“Will you guarantee that? Will you undertake it?” asked the king, kindly.
“I will.”
“And look ye, you are just the man to carry out what you wish. I am well satisfied with you. You have justified the confidence I placed in you when I was crown prince. You have redeemed the vow you made me then.”
“I swore to your majesty that I would be faithful to the fatherland with life and property,” cried Gotzkowsky, with noble ardor.
“And you have kept your word. It is not difficult in easy and prosperous times to find people to serve the state. Those are good citizens who serve her when she is in difficulty and danger.[2] You are a good citizen.” And handing Gotzkowsky an open letter which lay on the writing-table, he said: “Read, it is a letter from the Marquis d’Argens. Read it aloud, I would like to hear it again.”
And Gotzkowsky read with a trembling voice, and cheeks reddened with noble modesty, the following passage from a letter of the marquis, which the king pointed out to him with his finger: “Gotzkowsky is, indeed, an excellent man and a worthy citizen. I wish you had many such as he. The greatest gift which fortune can make a state is a citizen full of zeal for the welfare of his country and his prince. And in this respect I must say, to the credit of Berlin, that in these trying times I have met many of her citizens, Gotzkowsky the foremost among them, whose virtues, the old historians of Rome, had they lived at the present day, would have immortalized!"[3]
“Are you satisfied?” asked the king, as Gotzkowsky, having finished, handed him the paper. “Oh, I see you are a modest man, and blush like a young girl. But tell me, now, what brings you here? What does the city of Berlin wish?”
“Her rights, your majesty,” said Gotzkowsky, seriously.
“And who is troubling her rights?”
“Your majesty.”
The king frowned, and cast an angry glance on the bold jester.

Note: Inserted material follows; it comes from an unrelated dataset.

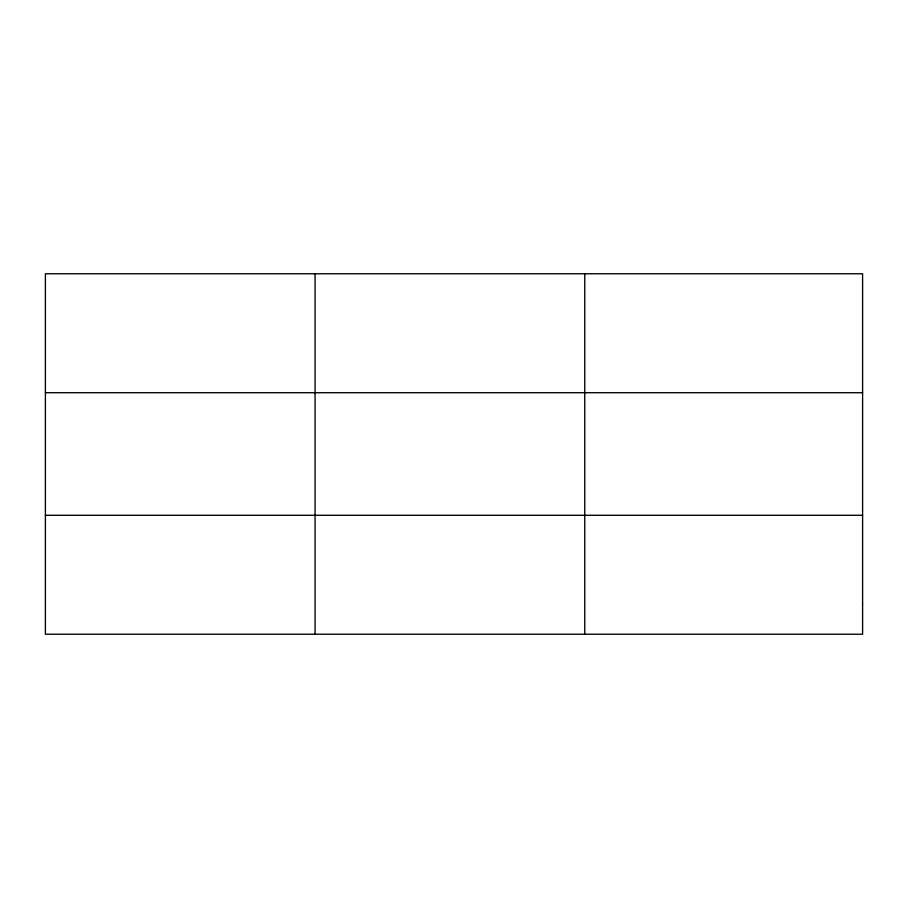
<?xml version="1.0" encoding="UTF-8"?>
<svg xmlns="http://www.w3.org/2000/svg" width="908" height="908" viewBox="0 0 908 908"><rect width="100%" height="100%" fill="white"/><g stroke="black" fill="none" stroke-linecap="round" stroke-linejoin="round"><path stroke-width="1.36" d="M315.076 634.227L315.076 273.773M584.752 634.227L584.752 273.773M45.4 392.721L862.6 392.721M45.4 515.279L862.6 515.279M862.6 604.49L862.6 634.227L45.4 634.227L45.4 273.773L862.6 273.773L862.6 604.49"/></g></svg>
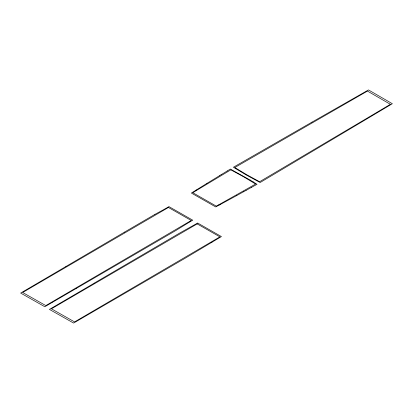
<?xml version="1.0" encoding="UTF-8"?>
<svg xmlns="http://www.w3.org/2000/svg" width="413" height="413" viewBox="0 0 413 413"><rect width="100%" height="100%" fill="white"/><g stroke="black" fill="none" stroke-linecap="round" stroke-linejoin="round"><path stroke-width="0.62" d="M52.043 302.538L44.847 306.745L20.65 293.07L65.863 266.545M94.123 283.189L180.032 232.86L197.651 223.015L221.409 236.577L185.53 258.006L73.602 323.069L49.421 309.394L94.185 283.199M311.975 122.134L368.479 89.931L392.35 103.715L387.471 106.637M196.123 190.083L191.374 193.052L215.71 206.944L219.571 204.884M196.051 190.125L197.032 189.515M197.094 189.474L206.856 183.439M196.485 190.46L192.84 192.737L216.247 206.102L219.086 204.585M196.536 190.424L230.841 169.851L243.546 176.764L255.626 184.043L219.298 204.471M206.856 183.439L219.318 175.819M387.471 106.637L260.123 182.531L246.411 175.091L233.407 167.234L311.975 122.134M221.115 174.72L219.313 175.814M164.519 209.179L166.991 207.749M167.229 207.61L168.927 206.603L192.757 220.191L189.815 221.884M221.11 174.72L227.191 170.997M164.513 209.179L154.911 214.388M227.181 170.992L230.361 169.046L250.18 180.073M52.048 302.538L76.539 288.295M76.544 288.295L175.303 230.841L189.82 221.889M154.906 214.383L124.447 232.142M124.447 232.142L65.863 266.545M251.259 187.507L257.02 184.312L253.195 181.911M211.637 242.498L211.915 242.338M251.249 187.502L246.034 190.403M246.029 190.398L243.593 191.756M243.587 191.751L236.473 195.695M236.473 195.695L220.723 204.265M218.973 204.641L219.396 204.42M219.458 204.946L220.645 204.306M250.185 180.078L253.184 181.906M368.763 117.168L259.612 181.715L246.907 174.802L234.827 167.523L367.462 91.082L390.373 104.308L368.763 117.168M197.171 223.892L51.439 308.816L74.572 321.903L219.902 236.866L197.171 223.892M168.442 207.476L22.663 292.492L45.817 305.579L191.245 220.48L168.442 207.476"/></g></svg>

Gotzkowsky continued, calmly: “Your majesty is depriving us of our good rights, in so far as you wish to prevent us from being honest people, and keeping our word sacred.”
“Oh, now I understand you,” said the king, laughing. “You are speaking of the Russian war-tax. Berlin shall not pay it.”
“Berlin will pay it, in order that your majesty may retain her in your gracious favor; in order that the great Frederick may not have to blush for his faithless and dishonest town, which would not then deserve to be the residence of a king. How! would your majesty trust the men who refused to redeem their openly-pledged word? who look upon sworn contracts as a mouse-trap, to be escaped from as soon as the opportunity offers, and when the dangerous cat is no longer sitting at the door? Berlin will pay—that our sons may not have to blush for their fathers; that posterity may not say that Berlin had stamped herself with the brand of dishonor. We have pledged our word, and we must keep it.”